-- Dataset extract follows --

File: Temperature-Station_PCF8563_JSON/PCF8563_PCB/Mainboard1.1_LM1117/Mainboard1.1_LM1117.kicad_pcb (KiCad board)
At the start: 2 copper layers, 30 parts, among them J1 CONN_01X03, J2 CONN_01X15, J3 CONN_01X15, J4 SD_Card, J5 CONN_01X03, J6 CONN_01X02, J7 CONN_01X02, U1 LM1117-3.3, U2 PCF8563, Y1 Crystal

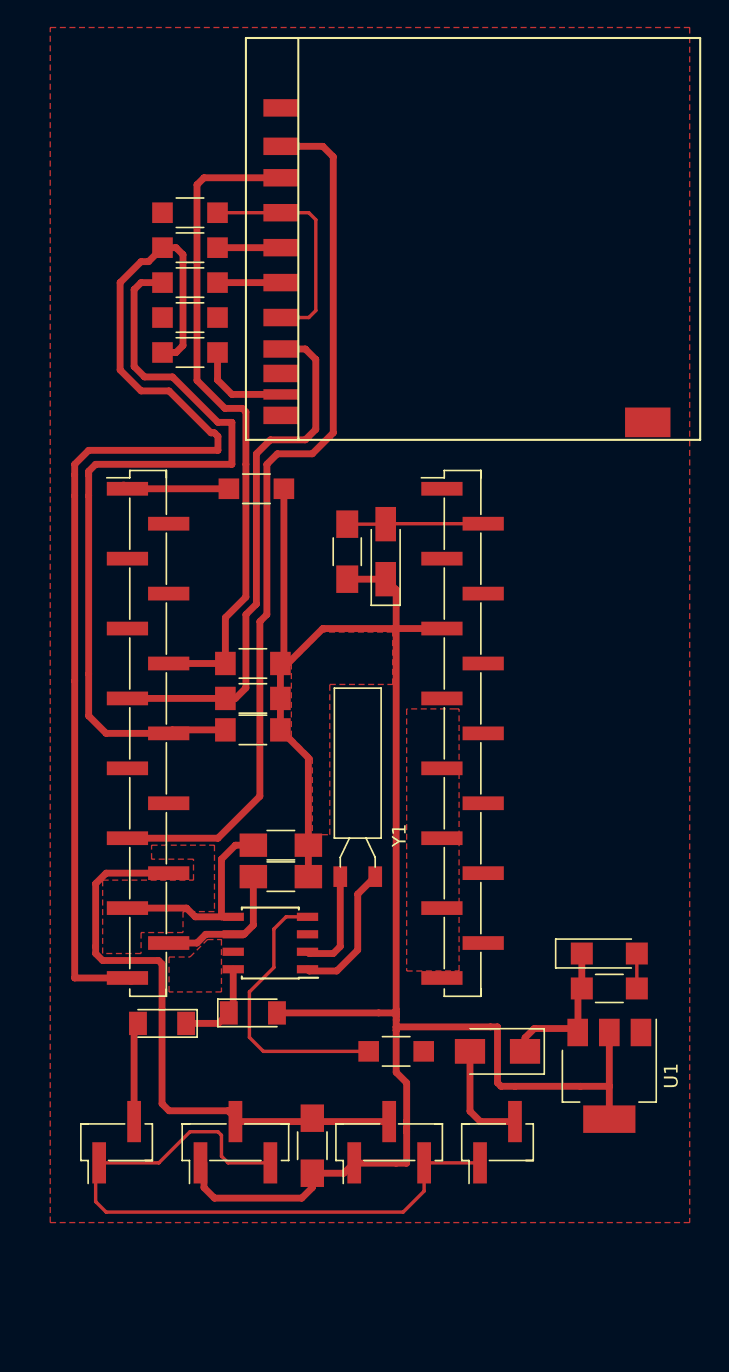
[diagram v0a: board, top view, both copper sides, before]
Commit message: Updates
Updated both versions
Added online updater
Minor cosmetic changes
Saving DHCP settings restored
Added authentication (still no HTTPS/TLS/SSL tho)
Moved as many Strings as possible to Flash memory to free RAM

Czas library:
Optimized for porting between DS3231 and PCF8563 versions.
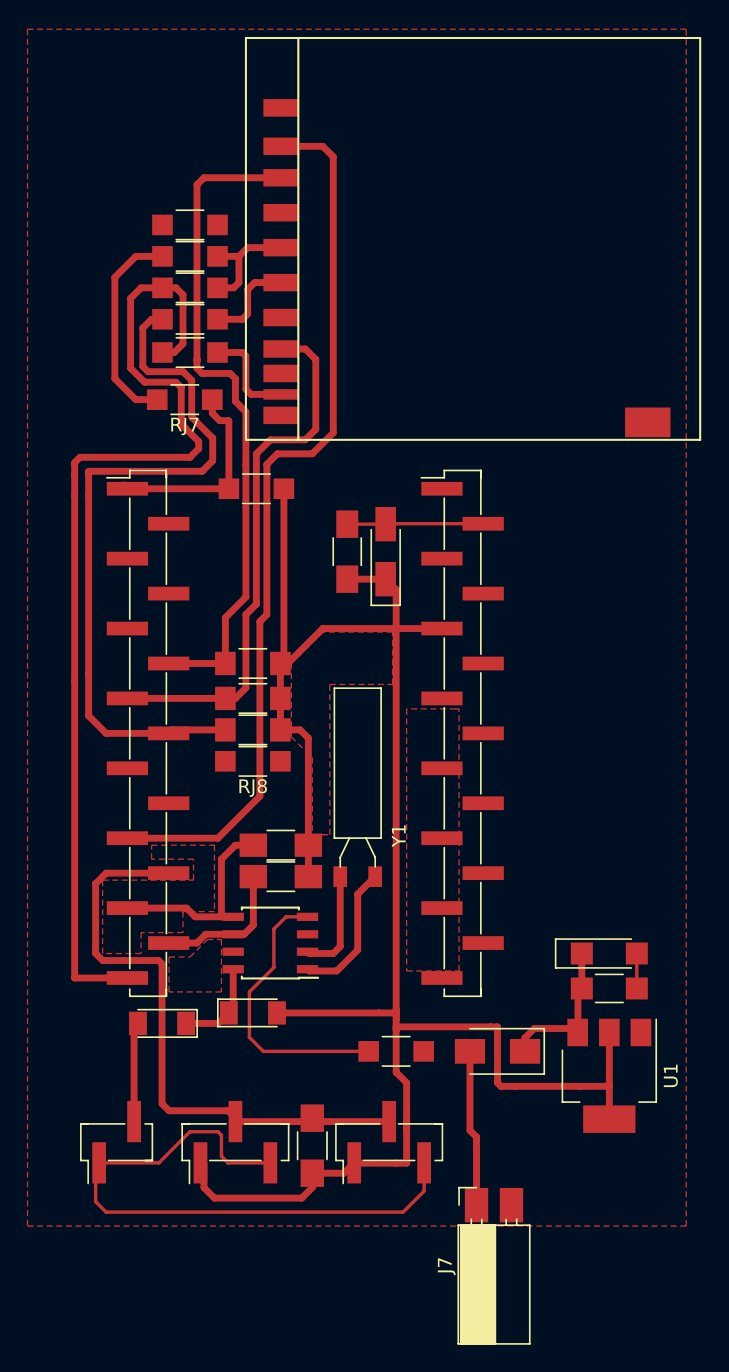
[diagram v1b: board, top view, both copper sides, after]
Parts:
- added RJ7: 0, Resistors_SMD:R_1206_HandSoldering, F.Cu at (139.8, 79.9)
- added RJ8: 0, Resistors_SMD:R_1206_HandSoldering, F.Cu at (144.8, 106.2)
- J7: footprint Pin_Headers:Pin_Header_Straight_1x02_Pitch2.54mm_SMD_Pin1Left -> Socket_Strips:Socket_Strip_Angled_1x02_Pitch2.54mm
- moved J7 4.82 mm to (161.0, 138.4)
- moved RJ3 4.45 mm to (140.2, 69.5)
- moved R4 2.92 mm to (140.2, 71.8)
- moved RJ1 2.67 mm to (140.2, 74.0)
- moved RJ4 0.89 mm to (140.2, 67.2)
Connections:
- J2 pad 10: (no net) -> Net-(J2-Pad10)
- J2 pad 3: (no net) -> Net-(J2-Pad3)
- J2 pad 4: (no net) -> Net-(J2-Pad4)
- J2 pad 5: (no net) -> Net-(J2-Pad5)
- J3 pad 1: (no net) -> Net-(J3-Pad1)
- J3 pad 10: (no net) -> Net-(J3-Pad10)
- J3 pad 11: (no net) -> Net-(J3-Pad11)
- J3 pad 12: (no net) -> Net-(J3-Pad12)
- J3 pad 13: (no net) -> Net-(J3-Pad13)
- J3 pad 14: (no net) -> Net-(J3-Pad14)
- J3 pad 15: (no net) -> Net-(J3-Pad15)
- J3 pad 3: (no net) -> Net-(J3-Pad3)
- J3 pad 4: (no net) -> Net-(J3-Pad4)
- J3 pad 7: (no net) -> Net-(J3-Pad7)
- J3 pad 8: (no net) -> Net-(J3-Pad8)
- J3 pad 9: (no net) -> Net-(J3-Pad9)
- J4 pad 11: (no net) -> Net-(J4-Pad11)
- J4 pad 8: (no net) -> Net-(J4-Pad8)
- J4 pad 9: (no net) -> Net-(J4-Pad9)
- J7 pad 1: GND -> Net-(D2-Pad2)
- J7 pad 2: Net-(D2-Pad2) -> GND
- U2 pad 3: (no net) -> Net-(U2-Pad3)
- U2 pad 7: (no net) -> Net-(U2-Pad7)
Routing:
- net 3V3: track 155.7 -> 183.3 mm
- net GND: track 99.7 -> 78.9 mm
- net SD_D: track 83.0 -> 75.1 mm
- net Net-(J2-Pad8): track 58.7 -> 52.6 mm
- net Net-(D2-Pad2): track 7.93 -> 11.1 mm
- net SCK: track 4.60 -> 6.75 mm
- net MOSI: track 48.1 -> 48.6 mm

-- Dataset extract concluded --

▶ _What to do_: Your answer must be the exact lines of the records from the first one through the line containing "- added RJ8: 0, Resistors_SMD:R_1206_HandSoldering, F.Cu", with no pictures in it.

▶ _Result for this task_:
File: Temperature-Station_PCF8563_JSON/PCF8563_PCB/Mainboard1.1_LM1117/Mainboard1.1_LM1117.kicad_pcb (KiCad board)
At the start: 2 copper layers, 30 parts, among them J1 CONN_01X03, J2 CONN_01X15, J3 CONN_01X15, J4 SD_Card, J5 CONN_01X03, J6 CONN_01X02, J7 CONN_01X02, U1 LM1117-3.3, U2 PCF8563, Y1 Crystal

[diagram v0a: board, top view, both copper sides, before]
Commit message: Updates
Updated both versions
Added online updater
Minor cosmetic changes
Saving DHCP settings restored
Added authentication (still no HTTPS/TLS/SSL tho)
Moved as many Strings as possible to Flash memory to free RAM

Czas library:
Optimized for porting between DS3231 and PCF8563 versions.
[diagram v1b: board, top view, both copper sides, after]
Parts:
- added RJ7: 0, Resistors_SMD:R_1206_HandSoldering, F.Cu at (139.8, 79.9)
- added RJ8: 0, Resistors_SMD:R_1206_HandSoldering, F.Cu at (144.8, 106.2)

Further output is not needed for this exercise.